# WARNING - Battery Exploded



## dpsuk999 (Mar 25, 2012)

I had the most frightening experience yesterday and just wanted to warn all you fellow MH's.

I collected my MH from storage on Saturday afternoon, all is well, started first time and I have owned the MH for 18 months. I was told the battery was new when I purchased it and it has never let me down once. Even when it was laid up over winter, started first time when it was left for over 4 months (I do have solar and a Sterling Auxillary Battery Charger/Maintainer fitted which keeps the van battery topped up)
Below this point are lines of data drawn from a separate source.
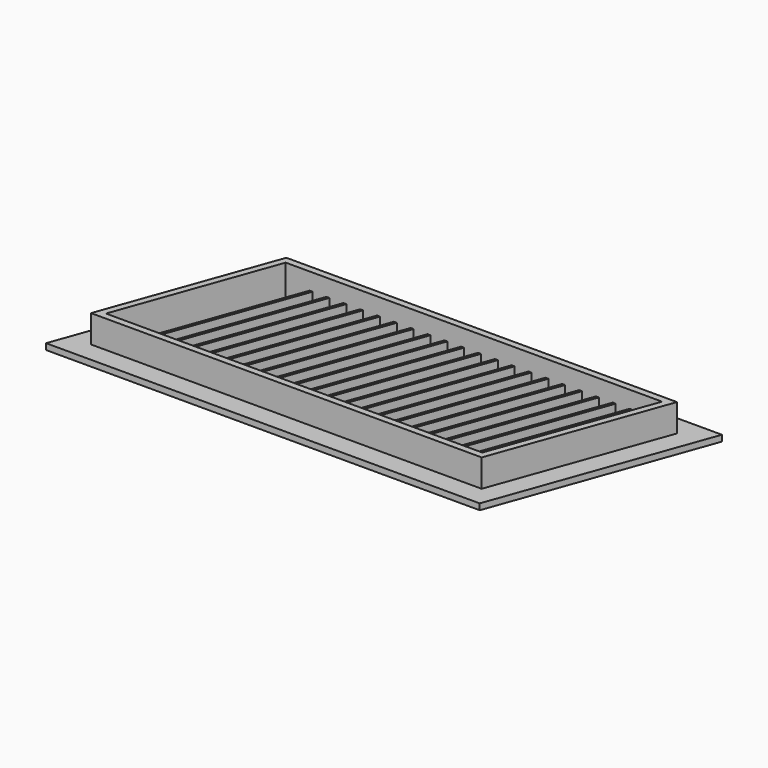
from build123d import *

# Parameters (mm, degrees)
F1_DEPTH      = 1.8
F2_DEPTH      = 5
F3_DEPTH      = 10
F4_T4_DEPTH   = 59.1767472924
F4_T10_DEPTH  = 59.1767472924
F4_T16_DEPTH  = 59.1767472924
F4_T22_DEPTH  = 59.1767472924
F4_T28_DEPTH  = 59.1767472924
F4_T34_DEPTH  = 59.1767472924
F4_T40_DEPTH  = 59.1767472924
F4_T46_DEPTH  = 59.1767472924
F4_T52_DEPTH  = 59.1767472924
F4_T58_DEPTH  = 59.1767472924
F4_T64_DEPTH  = 59.1767472924
F4_T70_DEPTH  = 59.1767472924
F4_T76_DEPTH  = 59.1767472924
F4_T82_DEPTH  = 59.1767472924
F4_T88_DEPTH  = 59.1767472924
F4_T94_DEPTH  = 59.1767472924
F4_T100_DEPTH = 59.1767472924
F4_T106_DEPTH = 59.1767472924
F4_T112_DEPTH = 59.1767472924
F4_T118_DEPTH = 59.1767472924
F4_T124_DEPTH = 59.1767472924
F4_T130_DEPTH = 59.1767472924
F4_T136_DEPTH = 59.1767472924
F4_T142_DEPTH = 59.1767472924
F4_T148_DEPTH = 59.1767472924
F4_T154_DEPTH = 59.1767472924
F4_T160_DEPTH = 59.1767472924
F4_T166_DEPTH = 59.1767472924
F4_T172_DEPTH = 59.1767472924
F4_T178_DEPTH = 59.1767472924
F4_T184_DEPTH = 59.1767472924
F4_T190_DEPTH = 59.1767472924
F4_T196_DEPTH = 59.1767472924
F4_T202_DEPTH = 59.1767472924
F4_T208_DEPTH = 59.1767472924
F4_T214_DEPTH = 59.1767472924
F4_T220_DEPTH = 59.1767472924
F4_T226_DEPTH = 59.1767472924
F4_T232_DEPTH = 59.1767472924
F4_T238_DEPTH = 59.1767472924
F4_T244_DEPTH = 59.1767472924
F4_T250_DEPTH = 59.1767472924
F4_T256_DEPTH = 59.1767472924


# Not quite as in the source:
# - a fillet or chamfer that OpenCascade refuses, or shapes differently, is made with other operations: its cross-section is extruded or revolved along the edge and cut away or added
# - a feature names something its author has since deleted; it is built from what else it names


with BuildPart() as f1:
    # F0 (on Top) → F1 (new body)
    with BuildSketch(Plane.XY):
        Polygon((4.2169585227, -6), (26.5369585227, 56), (-102.2169585227, 56), (-124.5369585227, -6), align=None)
        Polygon((-98, 0), (-116, 0), (-98, 50), (18, 50), (0, 0), align=None, mode=Mode.SUBTRACT)
    extrude(amount=F1_DEPTH)

    # F0 (on Top) → F2 (join)
    with BuildSketch(Plane.XY):
        Polygon((-98, 50), (-116, 0), (-98, 0), (0, 0), (18, 50), align=None)
        Polygon((13.4056528409, 48), (15.1543471591, 48), (-1.4056528409, 2), (-3.1543471591, 2), (-5.1543471591, 2), (-8.1543471591, 2), (-10.1543471591, 2), (-13.1543471591, 2), (-15.1543471591, 2), (-18.1543471591, 2), (-20.1543471591, 2), (-23.1543471591, 2), (-25.1543471591, 2), (-28.1543471591, 2), (-30.1543471591, 2), (-33.1543471591, 2), (-35.1543471591, 2), (-38.1543471591, 2), (-40.1543471591, 2), (-43.1543471591, 2), (-45.1543471591, 2), (-48.1543471591, 2), (-50.1543471591, 2), (-53.1543471591, 2), (-55.1543471591, 2), (-58.1543471591, 2), (-60.1543471591, 2), (-63.1543471591, 2), (-65.1543471591, 2), (-68.1543471591, 2), (-70.1543471591, 2), (-73.1543471591, 2), (-75.1543471591, 2), (-78.1543471591, 2), (-80.1543471591, 2), (-83.1543471591, 2), (-85.1543471591, 2), (-88.1543471591, 2), (-90.1543471591, 2), (-93.1543471591, 2), (-95.1543471591, 2), (-98.1543471591, 2), (-100.1543471591, 2), (-103.1543471591, 2), (-105.1543471591, 2), (-108.1543471591, 2), (-113.1543471591, 2), (-96.5943471591, 48), (-91.5943471591, 48), (-88.5943471591, 48), (-86.5943471591, 48), (-83.5943471591, 48), (-81.5943471591, 48), (-78.5943471591, 48), (-76.5943471591, 48), (-73.5943471591, 48), (-71.5943471591, 48), (-68.5943471591, 48), (-66.5943471591, 48), (-63.5943471591, 48), (-61.5943471591, 48), (-58.5943471591, 48), (-56.5943471591, 48), (-53.5943471591, 48), (-51.5943471591, 48), (-48.5943471591, 48), (-46.5943471591, 48), (-43.5943471591, 48), (-41.5943471591, 48), (-38.5943471591, 48), (-36.5943471591, 48), (-33.5943471591, 48), (-31.5943471591, 48), (-28.5943471591, 48), (-26.5943471591, 48), (-23.5943471591, 48), (-21.5943471591, 48), (-18.5943471591, 48), (-16.5943471591, 48), (-13.5943471591, 48), (-11.5943471591, 48), (-8.5943471591, 48), (-6.5943471591, 48), (-3.5943471591, 48), (-1.5943471591, 48), (1.4056528409, 48), (3.4056528409, 48), (6.4056528409, 48), (8.4056528409, 48), (11.4056528409, 48), align=None, mode=Mode.SUBTRACT)
        Polygon((-105.1543471591, 2), (-88.5943471591, 48), (-91.5943471591, 48), (-108.1543471591, 2), align=None)
        Polygon((-100.1543471591, 2), (-83.5943471591, 48), (-86.5943471591, 48), (-103.1543471591, 2), align=None)
        Polygon((-95.1543471591, 2), (-78.5943471591, 48), (-81.5943471591, 48), (-98.1543471591, 2), align=None)
        Polygon((-90.1543471591, 2), (-73.5943471591, 48), (-76.5943471591, 48), (-93.1543471591, 2), align=None)
        Polygon((-85.1543471591, 2), (-68.5943471591, 48), (-71.5943471591, 48), (-88.1543471591, 2), align=None)
        Polygon((-80.1543471591, 2), (-63.5943471591, 48), (-66.5943471591, 48), (-83.1543471591, 2), align=None)
        Polygon((-75.1543471591, 2), (-58.5943471591, 48), (-61.5943471591, 48), (-78.1543471591, 2), align=None)
        Polygon((-70.1543471591, 2), (-53.5943471591, 48), (-56.5943471591, 48), (-73.1543471591, 2), align=None)
        Polygon((-65.1543471591, 2), (-48.5943471591, 48), (-51.5943471591, 48), (-68.1543471591, 2), align=None)
        Polygon((-60.1543471591, 2), (-43.5943471591, 48), (-46.5943471591, 48), (-63.1543471591, 2), align=None)
        Polygon((-55.1543471591, 2), (-38.5943471591, 48), (-41.5943471591, 48), (-58.1543471591, 2), align=None)
        Polygon((-50.1543471591, 2), (-33.5943471591, 48), (-36.5943471591, 48), (-53.1543471591, 2), align=None)
        Polygon((-45.1543471591, 2), (-28.5943471591, 48), (-31.5943471591, 48), (-48.1543471591, 2), align=None)
        Polygon((-40.1543471591, 2), (-23.5943471591, 48), (-26.5943471591, 48), (-43.1543471591, 2), align=None)
        Polygon((-35.1543471591, 2), (-18.5943471591, 48), (-21.5943471591, 48), (-38.1543471591, 2), align=None)
        Polygon((-30.1543471591, 2), (-13.5943471591, 48), (-16.5943471591, 48), (-33.1543471591, 2), align=None)
        Polygon((-25.1543471591, 2), (-8.5943471591, 48), (-11.5943471591, 48), (-28.1543471591, 2), align=None)
        Polygon((-20.1543471591, 2), (-3.5943471591, 48), (-6.5943471591, 48), (-23.1543471591, 2), align=None)
        Polygon((-15.1543471591, 2), (1.4056528409, 48), (-1.5943471591, 48), (-18.1543471591, 2), align=None)
        Polygon((-10.1543471591, 2), (6.4056528409, 48), (3.4056528409, 48), (-13.1543471591, 2), align=None)
        Polygon((-5.1543471591, 2), (11.4056528409, 48), (8.4056528409, 48), (-8.1543471591, 2), align=None)
        Polygon((-1.4056528409, 2), (15.1543471591, 48), (13.4056528409, 48), (-3.1543471591, 2), align=None)
    extrude(amount=F2_DEPTH)

    # F0 (on Top) → F3 (join)
    with BuildSketch(Plane.XY):
        Polygon((-98, 50), (-116, 0), (-98, 0), (0, 0), (18, 50), align=None)
        Polygon((13.4056528409, 48), (15.1543471591, 48), (-1.4056528409, 2), (-3.1543471591, 2), (-5.1543471591, 2), (-8.1543471591, 2), (-10.1543471591, 2), (-13.1543471591, 2), (-15.1543471591, 2), (-18.1543471591, 2), (-20.1543471591, 2), (-23.1543471591, 2), (-25.1543471591, 2), (-28.1543471591, 2), (-30.1543471591, 2), (-33.1543471591, 2), (-35.1543471591, 2), (-38.1543471591, 2), (-40.1543471591, 2), (-43.1543471591, 2), (-45.1543471591, 2), (-48.1543471591, 2), (-50.1543471591, 2), (-53.1543471591, 2), (-55.1543471591, 2), (-58.1543471591, 2), (-60.1543471591, 2), (-63.1543471591, 2), (-65.1543471591, 2), (-68.1543471591, 2), (-70.1543471591, 2), (-73.1543471591, 2), (-75.1543471591, 2), (-78.1543471591, 2), (-80.1543471591, 2), (-83.1543471591, 2), (-85.1543471591, 2), (-88.1543471591, 2), (-90.1543471591, 2), (-93.1543471591, 2), (-95.1543471591, 2), (-98.1543471591, 2), (-100.1543471591, 2), (-103.1543471591, 2), (-105.1543471591, 2), (-108.1543471591, 2), (-113.1543471591, 2), (-96.5943471591, 48), (-91.5943471591, 48), (-88.5943471591, 48), (-86.5943471591, 48), (-83.5943471591, 48), (-81.5943471591, 48), (-78.5943471591, 48), (-76.5943471591, 48), (-73.5943471591, 48), (-71.5943471591, 48), (-68.5943471591, 48), (-66.5943471591, 48), (-63.5943471591, 48), (-61.5943471591, 48), (-58.5943471591, 48), (-56.5943471591, 48), (-53.5943471591, 48), (-51.5943471591, 48), (-48.5943471591, 48), (-46.5943471591, 48), (-43.5943471591, 48), (-41.5943471591, 48), (-38.5943471591, 48), (-36.5943471591, 48), (-33.5943471591, 48), (-31.5943471591, 48), (-28.5943471591, 48), (-26.5943471591, 48), (-23.5943471591, 48), (-21.5943471591, 48), (-18.5943471591, 48), (-16.5943471591, 48), (-13.5943471591, 48), (-11.5943471591, 48), (-8.5943471591, 48), (-6.5943471591, 48), (-3.5943471591, 48), (-1.5943471591, 48), (1.4056528409, 48), (3.4056528409, 48), (6.4056528409, 48), (8.4056528409, 48), (11.4056528409, 48), align=None, mode=Mode.SUBTRACT)
    extrude(amount=F3_DEPTH)

    # F4: chamfer of 2 on 43 edges, made by hand


with BuildPart() as f4_tool2:
    # F4_s3 → F4_t4 (new body)
    with BuildSketch(Plane(origin=(-8.0063254971, -22.2397930476, 0), x_dir=(0, 0, 1), z_dir=(0.3387194683, 0.9408874119, 0))):
        Polygon((2, -57.2759069477), (0, -59.2759069477), (0, -57.2759069477), align=None)
    extrude(amount=F4_T4_DEPTH)

    split(bisect_by=Plane.XZ.offset(-2), keep=Keep.BOTTOM)

    split(bisect_by=Plane.XZ.offset(-48), keep=Keep.TOP)


with BuildPart() as f1_1:
    add(f1.part)

    # F4_t1: cut F4_tool2
    add(f4_tool2.part, mode=Mode.SUBTRACT)


with BuildPart() as f4_tool8:
    # F4_s9 → F4_t10 (new body)
    with BuildSketch(Plane(origin=(-8.5799798881, -23.8332774668, 0), x_dir=(0, 0, 1), z_dir=(0.3387194683, 0.9408874119, 0))):
        Polygon((2, -61.9803440071), (0, -63.9803440071), (0, -61.9803440071), align=None)
    extrude(amount=F4_T10_DEPTH)

    split(bisect_by=Plane.XZ.offset(-2), keep=Keep.BOTTOM)

    split(bisect_by=Plane.XZ.offset(-48), keep=Keep.TOP)


with BuildPart() as f1_2:
    add(f1_1.part)

    # F4_t7: cut F4_tool8
    add(f4_tool8.part, mode=Mode.SUBTRACT)


with BuildPart() as f4_tool14:
    # F4_s15 → F4_t16 (new body)
    with BuildSketch(Plane(origin=(-9.153634279, -25.4267618861, 0), x_dir=(0, 0, 1), z_dir=(0.3387194683, 0.9408874119, 0))):
        Polygon((2, -66.6847810664), (0, -68.6847810664), (0, -66.6847810664), align=None)
    extrude(amount=F4_T16_DEPTH)

    split(bisect_by=Plane.XZ.offset(-2), keep=Keep.BOTTOM)

    split(bisect_by=Plane.XZ.offset(-48), keep=Keep.TOP)


with BuildPart() as f1_3:
    add(f1_2.part)

    # F4_t13: cut F4_tool14
    add(f4_tool14.part, mode=Mode.SUBTRACT)


with BuildPart() as f4_tool20:
    # F4_s21 → F4_t22 (new body)
    with BuildSketch(Plane(origin=(-9.7272886699, -27.0202463054, 0), x_dir=(0, 0, 1), z_dir=(0.3387194683, 0.9408874119, 0))):
        Polygon((2, -71.3892181258), (0, -73.3892181258), (0, -71.3892181258), align=None)
    extrude(amount=F4_T22_DEPTH)

    split(bisect_by=Plane.XZ.offset(-2), keep=Keep.BOTTOM)

    split(bisect_by=Plane.XZ.offset(-48), keep=Keep.TOP)


with BuildPart() as f1_4:
    add(f1_3.part)

    # F4_t19: cut F4_tool20
    add(f4_tool20.part, mode=Mode.SUBTRACT)


with BuildPart() as f4_tool26:
    # F4_s27 → F4_t28 (new body)
    with BuildSketch(Plane(origin=(-10.3009430609, -28.6137307246, 0), x_dir=(0, 0, 1), z_dir=(0.3387194683, 0.9408874119, 0))):
        Polygon((2, -76.0936551851), (0, -78.0936551851), (0, -76.0936551851), align=None)
    extrude(amount=F4_T28_DEPTH)

    split(bisect_by=Plane.XZ.offset(-2), keep=Keep.BOTTOM)

    split(bisect_by=Plane.XZ.offset(-48), keep=Keep.TOP)


with BuildPart() as f1_5:
    add(f1_4.part)

    # F4_t25: cut F4_tool26
    add(f4_tool26.part, mode=Mode.SUBTRACT)


with BuildPart() as f4_tool32:
    # F4_s33 → F4_t34 (new body)
    with BuildSketch(Plane(origin=(-10.8745974518, -30.2072151439, 0), x_dir=(0, 0, 1), z_dir=(0.3387194683, 0.9408874119, 0))):
        Polygon((2, -80.7980922444), (0, -82.7980922444), (0, -80.7980922444), align=None)
    extrude(amount=F4_T34_DEPTH)

    split(bisect_by=Plane.XZ.offset(-2), keep=Keep.BOTTOM)

    split(bisect_by=Plane.XZ.offset(-48), keep=Keep.TOP)


with BuildPart() as f1_6:
    add(f1_5.part)

    # F4_t31: cut F4_tool32
    add(f4_tool32.part, mode=Mode.SUBTRACT)


with BuildPart() as f4_tool38:
    # F4_s39 → F4_t40 (new body)
    with BuildSketch(Plane(origin=(-11.4482518427, -31.8006995631, 0), x_dir=(0, 0, 1), z_dir=(0.3387194683, 0.9408874119, 0))):
        Polygon((2, -85.5025293038), (0, -87.5025293038), (0, -85.5025293038), align=None)
    extrude(amount=F4_T40_DEPTH)

    split(bisect_by=Plane.XZ.offset(-2), keep=Keep.BOTTOM)

    split(bisect_by=Plane.XZ.offset(-48), keep=Keep.TOP)


with BuildPart() as f1_7:
    add(f1_6.part)

    # F4_t37: cut F4_tool38
    add(f4_tool38.part, mode=Mode.SUBTRACT)


with BuildPart() as f4_tool44:
    # F4_s45 → F4_t46 (new body)
    with BuildSketch(Plane(origin=(-12.0219062337, -33.3941839824, 0), x_dir=(0, 0, 1), z_dir=(0.3387194683, 0.9408874119, 0))):
        Polygon((2, -90.2069663631), (0, -92.2069663631), (0, -90.2069663631), align=None)
    extrude(amount=F4_T46_DEPTH)

    split(bisect_by=Plane.XZ.offset(-2), keep=Keep.BOTTOM)

    split(bisect_by=Plane.XZ.offset(-48), keep=Keep.TOP)


with BuildPart() as f1_8:
    add(f1_7.part)

    # F4_t43: cut F4_tool44
    add(f4_tool44.part, mode=Mode.SUBTRACT)


with BuildPart() as f4_tool50:
    # F4_s51 → F4_t52 (new body)
    with BuildSketch(Plane(origin=(-12.5955606246, -34.9876684017, 0), x_dir=(0, 0, 1), z_dir=(0.3387194683, 0.9408874119, 0))):
        Polygon((2, -94.9114034225), (0, -96.9114034225), (0, -94.9114034225), align=None)
    extrude(amount=F4_T52_DEPTH)

    split(bisect_by=Plane.XZ.offset(-2), keep=Keep.BOTTOM)

    split(bisect_by=Plane.XZ.offset(-48), keep=Keep.TOP)


with BuildPart() as f1_9:
    add(f1_8.part)

    # F4_t49: cut F4_tool50
    add(f4_tool50.part, mode=Mode.SUBTRACT)


with BuildPart() as f4_tool56:
    # F4_s57 → F4_t58 (new body)
    with BuildSketch(Plane(origin=(-13.1692150155, -36.5811528209, 0), x_dir=(0, 0, 1), z_dir=(0.3387194683, 0.9408874119, 0))):
        Polygon((2, -99.6158404818), (0, -101.6158404818), (0, -99.6158404818), align=None)
    extrude(amount=F4_T58_DEPTH)

    split(bisect_by=Plane.XZ.offset(-2), keep=Keep.BOTTOM)

    split(bisect_by=Plane.XZ.offset(-48), keep=Keep.TOP)


with BuildPart() as f1_10:
    add(f1_9.part)

    # F4_t55: cut F4_tool56
    add(f4_tool56.part, mode=Mode.SUBTRACT)


with BuildPart() as f4_tool62:
    # F4_s63 → F4_t64 (new body)
    with BuildSketch(Plane(origin=(11.6937982453, 32.4827729037, 0), x_dir=(0, 0, 1), z_dir=(-0.3387194683, -0.9408874119, 0))):
        Polygon((5, 58.0985691833), (3, 60.0985691833), (5, 60.0985691833), align=None)
    extrude(amount=F4_T64_DEPTH)

    split(bisect_by=Plane.XZ.offset(-2), keep=Keep.BOTTOM)

    split(bisect_by=Plane.XZ.offset(-48), keep=Keep.TOP)


with BuildPart() as f1_11:
    add(f1_10.part)

    # F4_t61: cut F4_tool62
    add(f4_tool62.part, mode=Mode.SUBTRACT)


with BuildPart() as f4_tool68:
    # F4_s69 → F4_t70 (new body)
    with BuildSketch(Plane(origin=(11.1201438544, 30.8892884844, 0), x_dir=(0, 0, 1), z_dir=(-0.3387194683, -0.9408874119, 0))):
        Polygon((5, 62.8030062427), (3, 64.8030062427), (5, 64.8030062427), align=None)
    extrude(amount=F4_T70_DEPTH)

    split(bisect_by=Plane.XZ.offset(-2), keep=Keep.BOTTOM)

    split(bisect_by=Plane.XZ.offset(-48), keep=Keep.TOP)


with BuildPart() as f1_12:
    add(f1_11.part)

    # F4_t67: cut F4_tool68
    add(f4_tool68.part, mode=Mode.SUBTRACT)


with BuildPart() as f4_tool74:
    # F4_s75 → F4_t76 (new body)
    with BuildSketch(Plane(origin=(10.5464894634, 29.2958040651, 0), x_dir=(0, 0, 1), z_dir=(-0.3387194683, -0.9408874119, 0))):
        Polygon((5, 67.507443302), (3, 69.507443302), (5, 69.507443302), align=None)
    extrude(amount=F4_T76_DEPTH)

    split(bisect_by=Plane.XZ.offset(-2), keep=Keep.BOTTOM)

    split(bisect_by=Plane.XZ.offset(-48), keep=Keep.TOP)


with BuildPart() as f1_13:
    add(f1_12.part)

    # F4_t73: cut F4_tool74
    add(f4_tool74.part, mode=Mode.SUBTRACT)


with BuildPart() as f4_tool80:
    # F4_s81 → F4_t82 (new body)
    with BuildSketch(Plane(origin=(9.9728350725, 27.7023196459, 0), x_dir=(0, 0, 1), z_dir=(-0.3387194683, -0.9408874119, 0))):
        Polygon((5, 72.2118803614), (3, 74.2118803614), (5, 74.2118803614), align=None)
    extrude(amount=F4_T82_DEPTH)

    split(bisect_by=Plane.XZ.offset(-2), keep=Keep.BOTTOM)

    split(bisect_by=Plane.XZ.offset(-48), keep=Keep.TOP)


with BuildPart() as f1_14:
    add(f1_13.part)

    # F4_t79: cut F4_tool80
    add(f4_tool80.part, mode=Mode.SUBTRACT)


with BuildPart() as f4_tool86:
    # F4_s87 → F4_t88 (new body)
    with BuildSketch(Plane(origin=(9.3991806816, 26.1088352266, 0), x_dir=(0, 0, 1), z_dir=(-0.3387194683, -0.9408874119, 0))):
        Polygon((5, 76.9163174207), (3, 78.9163174207), (5, 78.9163174207), align=None)
    extrude(amount=F4_T88_DEPTH)

    split(bisect_by=Plane.XZ.offset(-2), keep=Keep.BOTTOM)

    split(bisect_by=Plane.XZ.offset(-48), keep=Keep.TOP)


with BuildPart() as f1_15:
    add(f1_14.part)

    # F4_t85: cut F4_tool86
    add(f4_tool86.part, mode=Mode.SUBTRACT)


with BuildPart() as f4_tool92:
    # F4_s93 → F4_t94 (new body)
    with BuildSketch(Plane(origin=(8.8255262906, 24.5153508073, 0), x_dir=(0, 0, 1), z_dir=(-0.3387194683, -0.9408874119, 0))):
        Polygon((5, 81.6207544801), (3, 83.6207544801), (5, 83.6207544801), align=None)
    extrude(amount=F4_T94_DEPTH)

    split(bisect_by=Plane.XZ.offset(-2), keep=Keep.BOTTOM)

    split(bisect_by=Plane.XZ.offset(-48), keep=Keep.TOP)


with BuildPart() as f1_16:
    add(f1_15.part)

    # F4_t91: cut F4_tool92
    add(f4_tool92.part, mode=Mode.SUBTRACT)


with BuildPart() as f4_tool98:
    # F4_s99 → F4_t100 (new body)
    with BuildSketch(Plane(origin=(8.2518718997, 22.9218663881, 0), x_dir=(0, 0, 1), z_dir=(-0.3387194683, -0.9408874119, 0))):
        Polygon((5, 86.3251915394), (3, 88.3251915394), (5, 88.3251915394), align=None)
    extrude(amount=F4_T100_DEPTH)

    split(bisect_by=Plane.XZ.offset(-2), keep=Keep.BOTTOM)

    split(bisect_by=Plane.XZ.offset(-48), keep=Keep.TOP)


with BuildPart() as f1_17:
    add(f1_16.part)

    # F4_t97: cut F4_tool98
    add(f4_tool98.part, mode=Mode.SUBTRACT)


with BuildPart() as f4_tool104:
    # F4_s105 → F4_t106 (new body)
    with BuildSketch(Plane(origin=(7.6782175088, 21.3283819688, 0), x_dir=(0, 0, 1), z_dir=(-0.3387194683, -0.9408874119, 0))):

Anyway went to MH on Sunday morning to load it up and wanted to move it away from garage door so got in and tried to start it. All I got was a clicking noise from the starter motor. I know this to be most likely a flat battery but my control panel showed a voltage of 12.6v but when I turned the ignition to position 1 (just before starting) it dropped straight to 10.3v, which indicated either a short in the circuit or a faulty cell in the battery.

Anyway I called the AA out and they were with me in 20 minutes. The AA man tested the battery and initially said the battery was fine but then the tester said replace battery. He then got his jumper pack out of his van and connected it and asked me to try and start the MH. As I turned the key and the engine began to turn over and then there was an almighty BANG and the AA man was kneeling right in front of the MH and he was showered in all battery acid, all over his face and hands. The shock threw him backwards and he ran towards his van and started pouring eye wash stuff all over his face. When I got out of the van he was just laid on thee floor near his van pouring the eye stuff all over his face.

I dialled 999 and 2 ambulances arrived within 3 minutes, then I had another 2 AA patrol men here too. Looked like a scene from a motorway accident!

We all read about batteries exploding but never think it will happen but it does, so please be careful.

Anyway the 3rd AA man replaced the battery and fitted a brand new one and all is ok. I had a phone call from the AA Area Manager yesterday thanking me for calling the ambulance and he said the patrol man was ok.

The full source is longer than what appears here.